#### [WHAT IS NEEDED]
Using the data below, return all lines in which "mechanical" appears.

#### [SOURCE DATA]
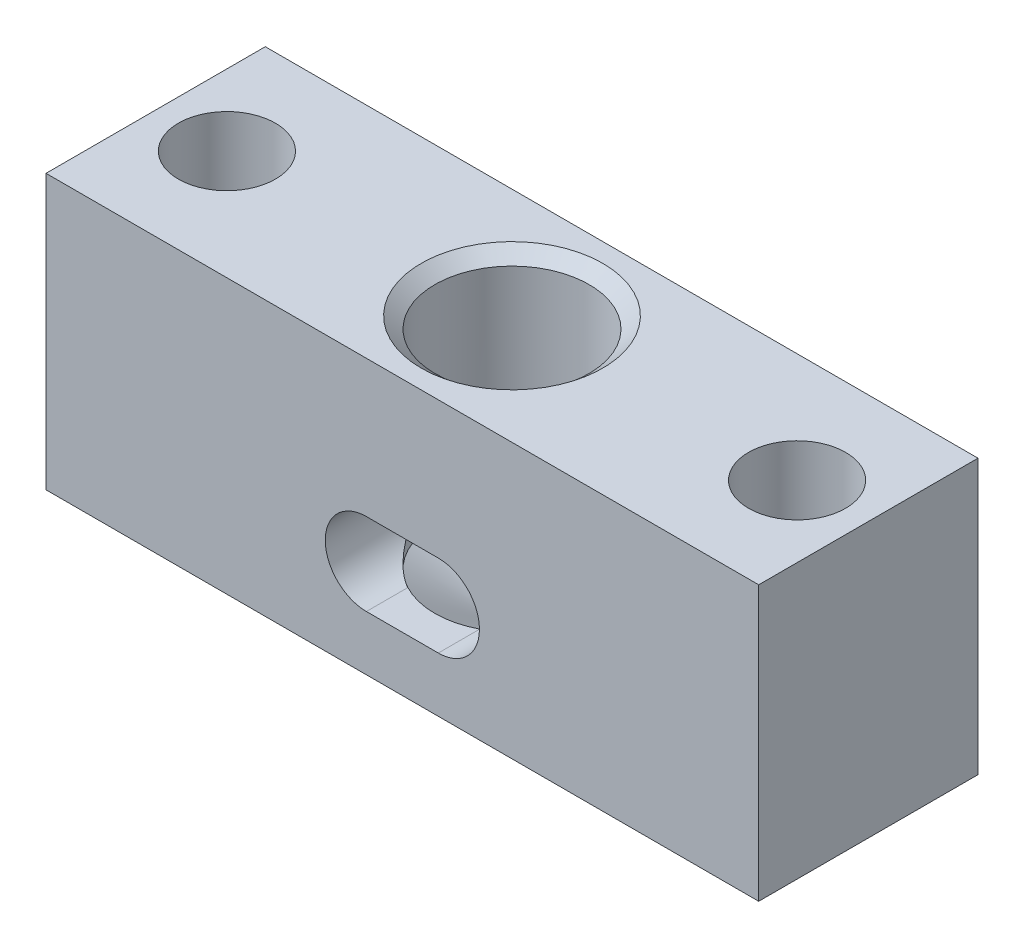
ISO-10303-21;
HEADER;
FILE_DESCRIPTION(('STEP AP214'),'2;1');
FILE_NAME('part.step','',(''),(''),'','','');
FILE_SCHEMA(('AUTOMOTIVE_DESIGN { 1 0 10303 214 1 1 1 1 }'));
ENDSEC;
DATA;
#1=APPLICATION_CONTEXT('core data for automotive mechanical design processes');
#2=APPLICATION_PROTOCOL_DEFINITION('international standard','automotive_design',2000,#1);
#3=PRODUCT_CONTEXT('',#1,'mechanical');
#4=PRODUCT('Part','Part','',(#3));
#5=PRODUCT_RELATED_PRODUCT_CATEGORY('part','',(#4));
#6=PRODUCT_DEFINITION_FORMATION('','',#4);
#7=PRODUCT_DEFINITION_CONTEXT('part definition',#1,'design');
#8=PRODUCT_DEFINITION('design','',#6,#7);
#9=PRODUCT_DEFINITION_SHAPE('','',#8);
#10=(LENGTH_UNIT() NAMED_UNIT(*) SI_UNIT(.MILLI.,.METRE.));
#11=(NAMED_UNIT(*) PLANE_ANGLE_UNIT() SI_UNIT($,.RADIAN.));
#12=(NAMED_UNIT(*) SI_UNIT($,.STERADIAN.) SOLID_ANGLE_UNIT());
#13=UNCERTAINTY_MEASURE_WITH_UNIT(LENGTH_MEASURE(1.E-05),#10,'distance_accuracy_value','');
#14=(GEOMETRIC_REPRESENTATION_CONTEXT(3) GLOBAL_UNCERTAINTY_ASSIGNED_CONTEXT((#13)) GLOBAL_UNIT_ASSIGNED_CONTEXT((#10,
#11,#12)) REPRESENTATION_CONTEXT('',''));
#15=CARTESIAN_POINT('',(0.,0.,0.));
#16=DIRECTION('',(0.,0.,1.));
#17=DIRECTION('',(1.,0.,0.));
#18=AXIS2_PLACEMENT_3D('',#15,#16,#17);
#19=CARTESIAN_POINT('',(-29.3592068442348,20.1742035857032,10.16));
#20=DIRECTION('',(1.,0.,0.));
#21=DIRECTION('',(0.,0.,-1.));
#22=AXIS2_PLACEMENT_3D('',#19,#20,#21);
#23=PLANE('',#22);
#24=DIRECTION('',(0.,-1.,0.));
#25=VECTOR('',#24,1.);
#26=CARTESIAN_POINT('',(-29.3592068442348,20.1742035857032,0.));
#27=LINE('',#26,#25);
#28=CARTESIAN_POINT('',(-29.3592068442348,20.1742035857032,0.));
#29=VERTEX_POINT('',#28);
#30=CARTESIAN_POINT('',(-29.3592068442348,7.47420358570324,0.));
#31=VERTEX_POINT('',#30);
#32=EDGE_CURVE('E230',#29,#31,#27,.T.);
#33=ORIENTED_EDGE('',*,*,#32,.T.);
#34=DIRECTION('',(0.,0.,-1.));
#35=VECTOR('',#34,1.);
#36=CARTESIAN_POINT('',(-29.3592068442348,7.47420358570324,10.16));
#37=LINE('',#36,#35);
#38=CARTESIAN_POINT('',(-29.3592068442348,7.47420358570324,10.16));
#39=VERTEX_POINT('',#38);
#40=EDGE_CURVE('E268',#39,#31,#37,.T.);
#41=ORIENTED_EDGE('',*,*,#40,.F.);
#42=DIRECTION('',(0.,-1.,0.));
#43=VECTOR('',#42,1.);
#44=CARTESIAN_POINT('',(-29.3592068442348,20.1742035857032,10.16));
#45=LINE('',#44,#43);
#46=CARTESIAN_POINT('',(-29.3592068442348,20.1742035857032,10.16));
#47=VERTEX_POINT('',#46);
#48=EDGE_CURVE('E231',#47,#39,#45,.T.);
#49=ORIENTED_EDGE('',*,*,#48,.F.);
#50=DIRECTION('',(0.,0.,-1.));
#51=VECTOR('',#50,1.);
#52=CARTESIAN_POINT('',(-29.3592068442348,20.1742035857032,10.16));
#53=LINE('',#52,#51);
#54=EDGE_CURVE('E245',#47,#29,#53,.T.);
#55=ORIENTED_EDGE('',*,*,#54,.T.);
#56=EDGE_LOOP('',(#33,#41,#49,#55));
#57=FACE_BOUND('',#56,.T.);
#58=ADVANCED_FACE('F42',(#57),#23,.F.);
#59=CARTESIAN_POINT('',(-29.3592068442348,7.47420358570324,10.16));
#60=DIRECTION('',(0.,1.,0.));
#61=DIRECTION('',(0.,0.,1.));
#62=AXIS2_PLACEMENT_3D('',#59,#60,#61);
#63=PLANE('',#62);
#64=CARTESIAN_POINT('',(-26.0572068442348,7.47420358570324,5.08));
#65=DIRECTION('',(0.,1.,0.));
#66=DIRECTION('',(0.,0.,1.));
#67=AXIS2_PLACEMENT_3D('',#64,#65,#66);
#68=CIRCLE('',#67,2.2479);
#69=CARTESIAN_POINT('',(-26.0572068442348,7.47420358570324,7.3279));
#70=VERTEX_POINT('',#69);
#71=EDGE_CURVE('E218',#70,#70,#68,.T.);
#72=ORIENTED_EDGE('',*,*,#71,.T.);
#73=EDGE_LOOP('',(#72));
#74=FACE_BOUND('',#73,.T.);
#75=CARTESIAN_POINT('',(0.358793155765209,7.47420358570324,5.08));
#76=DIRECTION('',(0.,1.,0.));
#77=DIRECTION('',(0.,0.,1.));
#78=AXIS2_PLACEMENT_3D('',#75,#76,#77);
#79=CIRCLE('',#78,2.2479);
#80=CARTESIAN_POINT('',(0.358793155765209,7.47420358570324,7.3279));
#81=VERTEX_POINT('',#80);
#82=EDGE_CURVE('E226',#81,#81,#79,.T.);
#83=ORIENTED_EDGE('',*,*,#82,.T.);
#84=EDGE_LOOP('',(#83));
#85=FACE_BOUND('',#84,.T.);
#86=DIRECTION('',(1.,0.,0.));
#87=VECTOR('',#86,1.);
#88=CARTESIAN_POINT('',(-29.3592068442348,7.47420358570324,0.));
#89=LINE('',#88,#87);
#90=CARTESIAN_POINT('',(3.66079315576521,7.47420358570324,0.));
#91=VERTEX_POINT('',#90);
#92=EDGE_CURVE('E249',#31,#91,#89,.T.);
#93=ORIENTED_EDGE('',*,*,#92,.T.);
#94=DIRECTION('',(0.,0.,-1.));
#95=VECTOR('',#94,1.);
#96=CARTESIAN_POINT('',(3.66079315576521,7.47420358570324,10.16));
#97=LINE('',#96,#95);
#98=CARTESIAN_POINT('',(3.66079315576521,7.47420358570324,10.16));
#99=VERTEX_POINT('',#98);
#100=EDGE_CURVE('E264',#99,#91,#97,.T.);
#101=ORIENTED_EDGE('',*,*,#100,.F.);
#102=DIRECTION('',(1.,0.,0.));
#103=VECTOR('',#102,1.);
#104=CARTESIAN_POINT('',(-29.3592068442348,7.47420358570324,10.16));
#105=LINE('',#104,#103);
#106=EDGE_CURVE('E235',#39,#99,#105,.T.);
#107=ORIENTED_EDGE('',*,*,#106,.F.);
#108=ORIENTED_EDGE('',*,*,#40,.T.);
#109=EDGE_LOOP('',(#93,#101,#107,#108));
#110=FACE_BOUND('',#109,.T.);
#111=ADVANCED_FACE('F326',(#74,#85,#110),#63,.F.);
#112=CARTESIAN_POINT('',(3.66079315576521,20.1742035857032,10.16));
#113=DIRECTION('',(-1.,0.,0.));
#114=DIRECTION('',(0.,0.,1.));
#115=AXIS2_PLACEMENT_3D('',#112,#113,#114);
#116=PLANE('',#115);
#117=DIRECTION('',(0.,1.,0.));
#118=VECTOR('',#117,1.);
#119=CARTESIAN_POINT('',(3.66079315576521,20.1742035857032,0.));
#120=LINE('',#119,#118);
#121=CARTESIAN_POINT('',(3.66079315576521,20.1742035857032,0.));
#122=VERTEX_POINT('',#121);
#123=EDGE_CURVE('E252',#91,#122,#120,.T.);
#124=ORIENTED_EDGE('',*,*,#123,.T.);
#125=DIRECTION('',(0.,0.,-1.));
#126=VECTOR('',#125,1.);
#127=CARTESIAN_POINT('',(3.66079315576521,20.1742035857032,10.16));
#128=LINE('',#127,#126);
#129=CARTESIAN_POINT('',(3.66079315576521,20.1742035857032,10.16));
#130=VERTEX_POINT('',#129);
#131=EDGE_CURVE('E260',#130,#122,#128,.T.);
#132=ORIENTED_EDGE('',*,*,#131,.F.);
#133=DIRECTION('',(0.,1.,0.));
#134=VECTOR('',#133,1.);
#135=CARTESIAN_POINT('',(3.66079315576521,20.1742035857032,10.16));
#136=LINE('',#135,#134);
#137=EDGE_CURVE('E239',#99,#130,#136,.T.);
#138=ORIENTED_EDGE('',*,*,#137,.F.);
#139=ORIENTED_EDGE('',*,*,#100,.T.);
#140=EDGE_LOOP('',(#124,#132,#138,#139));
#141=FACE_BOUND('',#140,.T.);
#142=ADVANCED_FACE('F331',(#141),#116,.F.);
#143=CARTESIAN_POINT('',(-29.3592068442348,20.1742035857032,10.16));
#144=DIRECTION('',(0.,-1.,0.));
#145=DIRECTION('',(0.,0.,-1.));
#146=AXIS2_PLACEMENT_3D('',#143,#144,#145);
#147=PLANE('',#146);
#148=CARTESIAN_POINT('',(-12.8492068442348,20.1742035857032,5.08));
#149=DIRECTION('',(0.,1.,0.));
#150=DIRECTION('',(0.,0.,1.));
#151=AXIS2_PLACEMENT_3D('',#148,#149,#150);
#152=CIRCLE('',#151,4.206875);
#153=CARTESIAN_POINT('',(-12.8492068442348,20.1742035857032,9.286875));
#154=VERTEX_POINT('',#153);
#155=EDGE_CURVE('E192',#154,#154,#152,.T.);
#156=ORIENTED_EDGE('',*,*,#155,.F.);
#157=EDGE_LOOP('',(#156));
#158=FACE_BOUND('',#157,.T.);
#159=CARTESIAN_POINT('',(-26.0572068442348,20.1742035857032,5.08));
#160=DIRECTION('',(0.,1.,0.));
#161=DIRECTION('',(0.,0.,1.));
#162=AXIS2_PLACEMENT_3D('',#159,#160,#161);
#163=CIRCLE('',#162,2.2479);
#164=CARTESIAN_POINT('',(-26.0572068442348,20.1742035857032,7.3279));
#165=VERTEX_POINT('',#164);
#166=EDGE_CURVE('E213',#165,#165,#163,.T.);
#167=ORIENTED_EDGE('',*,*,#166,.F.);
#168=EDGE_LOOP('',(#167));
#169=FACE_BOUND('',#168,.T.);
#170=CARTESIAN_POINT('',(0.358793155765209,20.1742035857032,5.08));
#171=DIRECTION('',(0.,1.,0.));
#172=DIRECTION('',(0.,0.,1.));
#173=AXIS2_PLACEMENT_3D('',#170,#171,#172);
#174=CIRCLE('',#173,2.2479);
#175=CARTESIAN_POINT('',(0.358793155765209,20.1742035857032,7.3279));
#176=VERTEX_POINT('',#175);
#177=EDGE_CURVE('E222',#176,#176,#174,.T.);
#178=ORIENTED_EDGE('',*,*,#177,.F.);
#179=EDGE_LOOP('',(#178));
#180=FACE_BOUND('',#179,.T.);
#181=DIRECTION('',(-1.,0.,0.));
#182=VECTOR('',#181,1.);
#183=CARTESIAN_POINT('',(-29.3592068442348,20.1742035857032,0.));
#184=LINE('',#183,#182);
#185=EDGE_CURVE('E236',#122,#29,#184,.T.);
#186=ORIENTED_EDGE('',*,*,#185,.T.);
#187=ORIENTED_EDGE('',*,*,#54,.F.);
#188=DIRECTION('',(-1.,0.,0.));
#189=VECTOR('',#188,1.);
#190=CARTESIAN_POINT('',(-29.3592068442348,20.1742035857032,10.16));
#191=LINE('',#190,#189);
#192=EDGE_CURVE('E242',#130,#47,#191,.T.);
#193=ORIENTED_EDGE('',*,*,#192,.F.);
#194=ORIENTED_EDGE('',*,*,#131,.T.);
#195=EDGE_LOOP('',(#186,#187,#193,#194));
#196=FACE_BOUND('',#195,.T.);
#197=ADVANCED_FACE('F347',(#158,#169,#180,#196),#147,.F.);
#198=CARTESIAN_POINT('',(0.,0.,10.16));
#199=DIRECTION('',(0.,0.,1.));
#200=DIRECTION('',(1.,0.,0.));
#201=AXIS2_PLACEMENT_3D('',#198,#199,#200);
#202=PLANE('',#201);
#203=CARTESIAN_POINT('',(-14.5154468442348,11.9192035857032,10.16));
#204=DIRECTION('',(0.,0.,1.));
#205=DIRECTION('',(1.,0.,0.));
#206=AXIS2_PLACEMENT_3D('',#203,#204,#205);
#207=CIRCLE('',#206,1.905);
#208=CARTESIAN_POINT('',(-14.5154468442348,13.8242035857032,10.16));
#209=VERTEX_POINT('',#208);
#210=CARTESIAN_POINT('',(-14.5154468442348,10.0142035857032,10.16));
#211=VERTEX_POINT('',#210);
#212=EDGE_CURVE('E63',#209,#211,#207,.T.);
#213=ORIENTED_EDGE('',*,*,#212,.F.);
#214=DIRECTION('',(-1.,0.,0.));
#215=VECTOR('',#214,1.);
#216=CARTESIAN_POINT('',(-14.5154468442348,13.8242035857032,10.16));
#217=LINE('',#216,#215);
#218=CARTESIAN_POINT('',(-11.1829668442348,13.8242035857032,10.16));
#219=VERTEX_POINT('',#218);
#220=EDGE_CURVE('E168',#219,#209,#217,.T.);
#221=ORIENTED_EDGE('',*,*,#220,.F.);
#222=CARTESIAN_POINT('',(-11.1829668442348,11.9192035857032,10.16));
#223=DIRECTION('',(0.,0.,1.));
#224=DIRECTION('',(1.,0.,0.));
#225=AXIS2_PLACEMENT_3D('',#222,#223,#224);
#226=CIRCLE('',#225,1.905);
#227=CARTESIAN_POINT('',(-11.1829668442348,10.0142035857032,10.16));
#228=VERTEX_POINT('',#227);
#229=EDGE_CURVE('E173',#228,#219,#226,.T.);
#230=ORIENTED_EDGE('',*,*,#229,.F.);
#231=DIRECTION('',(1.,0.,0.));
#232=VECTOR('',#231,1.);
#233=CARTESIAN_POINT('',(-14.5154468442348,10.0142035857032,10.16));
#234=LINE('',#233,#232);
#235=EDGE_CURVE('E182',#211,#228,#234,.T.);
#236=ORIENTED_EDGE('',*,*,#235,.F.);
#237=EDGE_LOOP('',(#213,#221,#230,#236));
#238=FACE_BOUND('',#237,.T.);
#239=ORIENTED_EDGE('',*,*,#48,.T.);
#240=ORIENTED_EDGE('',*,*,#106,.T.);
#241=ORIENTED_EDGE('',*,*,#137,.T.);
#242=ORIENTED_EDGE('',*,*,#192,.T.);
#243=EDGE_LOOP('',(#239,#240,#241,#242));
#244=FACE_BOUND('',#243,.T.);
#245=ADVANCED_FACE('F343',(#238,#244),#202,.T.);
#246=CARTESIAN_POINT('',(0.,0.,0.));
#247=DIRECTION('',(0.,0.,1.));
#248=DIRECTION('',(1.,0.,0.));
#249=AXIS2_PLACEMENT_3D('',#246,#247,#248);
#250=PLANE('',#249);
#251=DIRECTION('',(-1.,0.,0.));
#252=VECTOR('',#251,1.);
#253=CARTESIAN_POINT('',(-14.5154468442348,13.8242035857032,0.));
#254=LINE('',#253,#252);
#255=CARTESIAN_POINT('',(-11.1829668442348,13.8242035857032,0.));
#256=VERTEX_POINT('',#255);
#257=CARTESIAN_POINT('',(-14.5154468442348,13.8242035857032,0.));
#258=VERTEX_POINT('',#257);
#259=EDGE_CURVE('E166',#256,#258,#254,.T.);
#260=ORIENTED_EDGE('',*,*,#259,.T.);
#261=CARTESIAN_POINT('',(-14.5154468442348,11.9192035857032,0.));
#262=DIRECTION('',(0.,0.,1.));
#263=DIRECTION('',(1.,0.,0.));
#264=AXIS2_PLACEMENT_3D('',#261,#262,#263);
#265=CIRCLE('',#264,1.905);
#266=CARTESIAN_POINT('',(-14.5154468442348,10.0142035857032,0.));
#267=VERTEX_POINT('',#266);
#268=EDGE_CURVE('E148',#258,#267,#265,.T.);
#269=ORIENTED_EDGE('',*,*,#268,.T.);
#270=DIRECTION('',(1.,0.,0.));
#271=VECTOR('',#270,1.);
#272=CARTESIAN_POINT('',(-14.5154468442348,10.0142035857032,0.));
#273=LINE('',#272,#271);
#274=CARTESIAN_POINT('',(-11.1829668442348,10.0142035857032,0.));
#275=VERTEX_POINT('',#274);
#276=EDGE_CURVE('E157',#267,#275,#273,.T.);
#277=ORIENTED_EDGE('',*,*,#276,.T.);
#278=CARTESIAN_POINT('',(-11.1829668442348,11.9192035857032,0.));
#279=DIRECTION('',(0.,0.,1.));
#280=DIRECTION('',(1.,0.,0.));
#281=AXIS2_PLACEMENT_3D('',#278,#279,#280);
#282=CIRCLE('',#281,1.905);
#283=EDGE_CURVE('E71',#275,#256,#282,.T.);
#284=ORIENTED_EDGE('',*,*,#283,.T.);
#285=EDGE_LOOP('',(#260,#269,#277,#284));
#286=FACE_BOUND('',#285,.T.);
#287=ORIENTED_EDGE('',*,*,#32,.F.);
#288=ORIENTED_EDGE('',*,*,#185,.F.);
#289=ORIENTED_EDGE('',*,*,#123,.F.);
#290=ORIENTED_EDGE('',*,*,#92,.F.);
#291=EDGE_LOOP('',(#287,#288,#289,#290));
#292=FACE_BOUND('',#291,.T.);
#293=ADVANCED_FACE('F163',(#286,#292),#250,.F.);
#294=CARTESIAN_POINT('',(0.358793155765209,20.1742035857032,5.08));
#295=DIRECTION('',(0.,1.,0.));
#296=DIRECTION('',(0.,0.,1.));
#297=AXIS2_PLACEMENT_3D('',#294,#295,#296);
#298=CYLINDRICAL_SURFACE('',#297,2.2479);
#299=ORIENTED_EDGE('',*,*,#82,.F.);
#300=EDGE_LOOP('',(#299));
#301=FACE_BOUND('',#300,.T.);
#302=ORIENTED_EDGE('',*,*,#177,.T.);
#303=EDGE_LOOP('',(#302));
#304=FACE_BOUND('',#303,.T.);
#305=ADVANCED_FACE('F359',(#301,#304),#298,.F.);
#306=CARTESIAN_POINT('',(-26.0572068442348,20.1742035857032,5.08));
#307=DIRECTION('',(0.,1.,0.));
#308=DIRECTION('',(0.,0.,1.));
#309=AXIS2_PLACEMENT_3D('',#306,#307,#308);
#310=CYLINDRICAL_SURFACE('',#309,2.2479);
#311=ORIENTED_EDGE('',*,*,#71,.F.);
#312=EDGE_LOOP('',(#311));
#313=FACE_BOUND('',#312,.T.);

#### [EXERCISE RESULT]
#1=APPLICATION_CONTEXT('core data for automotive mechanical design processes');
#3=PRODUCT_CONTEXT('',#1,'mechanical');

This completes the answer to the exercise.